Getting ready for growth
Bristol Port Co has started training apprentices to cater for the future expansion of the port
The Port of Bristol, which has just taken on ten new apprentices, has its own in-house training facility. It is also planning ahead; the port’s proposed deepsea container terminal will create 500 jobs.
“Where are the people going to come from to fill these vacancies?” says chief executive Simon Bird. “We are already starting to train them by bringing in new apprentices and new people to the workforce. Local skills are so important.”
Working with the unions is also vital, he says. “We are working together. I meet the senior union rep informally once a week and formally once a month. It’s a continual dialogue.”

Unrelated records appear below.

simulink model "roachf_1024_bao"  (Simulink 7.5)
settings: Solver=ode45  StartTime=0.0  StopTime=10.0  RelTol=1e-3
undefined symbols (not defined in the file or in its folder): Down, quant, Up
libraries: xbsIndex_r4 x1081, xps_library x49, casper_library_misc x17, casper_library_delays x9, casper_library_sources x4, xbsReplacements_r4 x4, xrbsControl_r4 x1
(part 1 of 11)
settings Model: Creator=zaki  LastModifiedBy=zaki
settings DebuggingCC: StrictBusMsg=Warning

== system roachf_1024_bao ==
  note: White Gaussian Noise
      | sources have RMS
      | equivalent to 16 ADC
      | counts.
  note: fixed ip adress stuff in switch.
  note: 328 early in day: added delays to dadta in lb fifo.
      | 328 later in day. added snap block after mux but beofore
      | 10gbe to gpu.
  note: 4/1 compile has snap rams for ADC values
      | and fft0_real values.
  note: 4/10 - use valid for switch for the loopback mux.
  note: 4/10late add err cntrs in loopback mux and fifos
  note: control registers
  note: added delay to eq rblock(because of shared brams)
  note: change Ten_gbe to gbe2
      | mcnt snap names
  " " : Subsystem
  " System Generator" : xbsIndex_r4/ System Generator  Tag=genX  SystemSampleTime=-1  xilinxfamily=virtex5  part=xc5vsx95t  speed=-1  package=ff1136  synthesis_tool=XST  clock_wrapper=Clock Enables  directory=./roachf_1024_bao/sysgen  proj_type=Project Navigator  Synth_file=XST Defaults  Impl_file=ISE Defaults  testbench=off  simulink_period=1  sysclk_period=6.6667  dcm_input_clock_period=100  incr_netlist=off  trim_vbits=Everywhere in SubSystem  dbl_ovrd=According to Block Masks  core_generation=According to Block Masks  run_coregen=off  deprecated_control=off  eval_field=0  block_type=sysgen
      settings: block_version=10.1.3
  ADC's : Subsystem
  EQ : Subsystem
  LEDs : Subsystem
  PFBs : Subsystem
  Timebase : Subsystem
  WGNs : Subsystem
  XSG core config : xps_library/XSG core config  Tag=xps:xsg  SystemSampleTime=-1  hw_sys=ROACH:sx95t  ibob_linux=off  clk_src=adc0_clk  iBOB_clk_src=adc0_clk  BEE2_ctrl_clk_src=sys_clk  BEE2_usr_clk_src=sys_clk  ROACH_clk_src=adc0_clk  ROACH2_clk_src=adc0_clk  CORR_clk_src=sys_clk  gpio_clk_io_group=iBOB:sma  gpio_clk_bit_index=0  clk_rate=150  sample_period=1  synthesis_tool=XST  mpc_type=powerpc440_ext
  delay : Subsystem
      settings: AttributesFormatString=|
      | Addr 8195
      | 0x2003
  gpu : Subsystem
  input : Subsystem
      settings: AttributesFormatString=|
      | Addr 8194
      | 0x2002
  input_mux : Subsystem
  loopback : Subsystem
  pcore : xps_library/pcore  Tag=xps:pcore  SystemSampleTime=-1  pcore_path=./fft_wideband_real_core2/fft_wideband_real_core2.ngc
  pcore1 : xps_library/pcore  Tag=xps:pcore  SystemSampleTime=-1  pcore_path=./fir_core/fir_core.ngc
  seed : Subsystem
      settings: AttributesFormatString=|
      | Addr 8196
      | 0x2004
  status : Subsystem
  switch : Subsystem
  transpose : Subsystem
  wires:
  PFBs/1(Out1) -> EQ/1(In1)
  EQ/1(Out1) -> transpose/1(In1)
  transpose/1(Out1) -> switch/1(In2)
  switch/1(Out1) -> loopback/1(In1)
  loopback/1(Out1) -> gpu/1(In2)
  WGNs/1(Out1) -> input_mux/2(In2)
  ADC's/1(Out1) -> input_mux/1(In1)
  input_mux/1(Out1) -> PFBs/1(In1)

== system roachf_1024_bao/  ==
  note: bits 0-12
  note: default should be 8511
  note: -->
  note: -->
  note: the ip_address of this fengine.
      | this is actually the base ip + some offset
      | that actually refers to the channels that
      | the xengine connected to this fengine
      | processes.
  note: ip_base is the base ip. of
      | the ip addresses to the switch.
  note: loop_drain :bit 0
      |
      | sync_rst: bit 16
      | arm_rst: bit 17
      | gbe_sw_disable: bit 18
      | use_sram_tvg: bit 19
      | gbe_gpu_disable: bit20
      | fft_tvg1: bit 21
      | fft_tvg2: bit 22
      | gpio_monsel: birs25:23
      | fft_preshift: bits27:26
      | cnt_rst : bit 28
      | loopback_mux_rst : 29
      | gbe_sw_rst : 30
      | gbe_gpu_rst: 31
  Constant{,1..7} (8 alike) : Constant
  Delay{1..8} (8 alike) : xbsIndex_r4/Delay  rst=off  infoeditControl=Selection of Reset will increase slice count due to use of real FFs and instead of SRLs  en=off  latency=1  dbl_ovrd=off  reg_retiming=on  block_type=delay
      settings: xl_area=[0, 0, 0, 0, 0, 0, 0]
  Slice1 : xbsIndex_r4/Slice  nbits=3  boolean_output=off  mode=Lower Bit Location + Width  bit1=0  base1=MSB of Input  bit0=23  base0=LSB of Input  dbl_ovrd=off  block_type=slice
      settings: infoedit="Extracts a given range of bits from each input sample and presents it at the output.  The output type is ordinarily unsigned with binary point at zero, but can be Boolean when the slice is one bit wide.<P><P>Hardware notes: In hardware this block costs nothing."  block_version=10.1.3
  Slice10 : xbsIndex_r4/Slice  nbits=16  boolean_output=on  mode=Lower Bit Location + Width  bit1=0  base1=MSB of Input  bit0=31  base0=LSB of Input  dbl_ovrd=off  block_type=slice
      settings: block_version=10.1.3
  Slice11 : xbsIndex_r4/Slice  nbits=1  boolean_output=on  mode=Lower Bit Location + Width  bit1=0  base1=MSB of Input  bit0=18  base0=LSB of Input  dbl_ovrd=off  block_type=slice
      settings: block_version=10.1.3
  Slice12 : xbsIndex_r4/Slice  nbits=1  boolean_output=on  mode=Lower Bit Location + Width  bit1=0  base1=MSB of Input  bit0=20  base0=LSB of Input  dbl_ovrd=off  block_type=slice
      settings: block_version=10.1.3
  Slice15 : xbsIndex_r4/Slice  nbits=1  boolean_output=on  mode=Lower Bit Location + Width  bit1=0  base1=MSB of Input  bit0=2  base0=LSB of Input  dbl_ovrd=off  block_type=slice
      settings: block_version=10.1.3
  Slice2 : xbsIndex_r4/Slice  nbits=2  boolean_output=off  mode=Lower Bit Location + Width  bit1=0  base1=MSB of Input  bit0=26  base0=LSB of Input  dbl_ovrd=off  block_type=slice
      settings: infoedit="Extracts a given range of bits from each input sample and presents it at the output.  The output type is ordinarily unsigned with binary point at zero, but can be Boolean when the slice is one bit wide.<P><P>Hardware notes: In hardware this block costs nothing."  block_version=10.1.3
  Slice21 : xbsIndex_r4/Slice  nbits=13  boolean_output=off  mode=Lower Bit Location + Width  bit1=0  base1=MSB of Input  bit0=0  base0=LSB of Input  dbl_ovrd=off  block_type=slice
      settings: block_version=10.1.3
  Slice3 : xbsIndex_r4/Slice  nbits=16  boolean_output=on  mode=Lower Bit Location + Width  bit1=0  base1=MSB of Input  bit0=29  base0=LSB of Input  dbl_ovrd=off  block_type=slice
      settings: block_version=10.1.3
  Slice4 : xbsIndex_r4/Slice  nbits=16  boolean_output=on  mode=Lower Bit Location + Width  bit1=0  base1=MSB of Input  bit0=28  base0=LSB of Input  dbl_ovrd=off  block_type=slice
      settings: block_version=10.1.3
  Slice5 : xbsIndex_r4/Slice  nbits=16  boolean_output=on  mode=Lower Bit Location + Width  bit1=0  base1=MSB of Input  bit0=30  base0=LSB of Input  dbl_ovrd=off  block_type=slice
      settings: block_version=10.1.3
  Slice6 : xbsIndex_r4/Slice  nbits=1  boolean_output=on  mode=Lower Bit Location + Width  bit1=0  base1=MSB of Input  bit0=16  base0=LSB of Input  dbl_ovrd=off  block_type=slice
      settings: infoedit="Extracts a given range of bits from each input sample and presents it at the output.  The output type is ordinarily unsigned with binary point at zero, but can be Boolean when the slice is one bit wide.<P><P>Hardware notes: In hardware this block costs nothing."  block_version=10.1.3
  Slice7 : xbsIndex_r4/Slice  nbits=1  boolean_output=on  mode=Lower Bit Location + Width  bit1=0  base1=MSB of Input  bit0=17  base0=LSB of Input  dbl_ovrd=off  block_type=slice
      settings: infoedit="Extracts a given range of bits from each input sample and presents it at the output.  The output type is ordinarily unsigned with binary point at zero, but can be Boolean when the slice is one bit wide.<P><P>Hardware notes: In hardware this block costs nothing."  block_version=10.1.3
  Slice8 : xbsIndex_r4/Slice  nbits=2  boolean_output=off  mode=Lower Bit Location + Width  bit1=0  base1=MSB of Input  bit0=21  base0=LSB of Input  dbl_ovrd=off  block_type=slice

As ITMMA's Professor Theo Notteboom points out, the history of the European port industry has been earmarked by labour disputes. “Most of the time, strikes were the result of disputes between labour unions (representing the interests of the dock workers) and employer organisations with respect to the terms and conditions for the renewal of collective bargaining agreements.”
Strikes, he says, whether short and isolated or long and port-wide, generate high hidden costs and can disrupt an entire economic system. They cause deviation costs for shipowners, time costs for ships in port, lost revenues for inland transport operators and other port-related companies, time and logistics costs for cargo owners and potentially high costs to factories if there are major disruptions in the production line.
Among other ‘hidden costs’ to be considered are those caused by accidents; a high accident rate typically points to a lack of training or impaired concentration due to chronic fatigue, and so on, says Prof Notteboom.
Meanwhile, the recession has clearly put a dampener on pay levels in the industry; there have been numerous redundancies and no pay increases for the past couple of years in some ports, says Ian Roots at Drake International.
However, Rob Bell, a logistics expert whose consultancy firm Archomai works with Hull University Business School, says that some areas are facing a real a shortage of necessary port skills.
In high-cost areas such as the southeast of the UK, a forklift truck driver may not be able to afford a house or the cost of living, he says. This, however, does not appear to be pushing pay up – perhaps because any shortage of labour can be compensated for by bringing in workers from elsewhere in Europe, he says.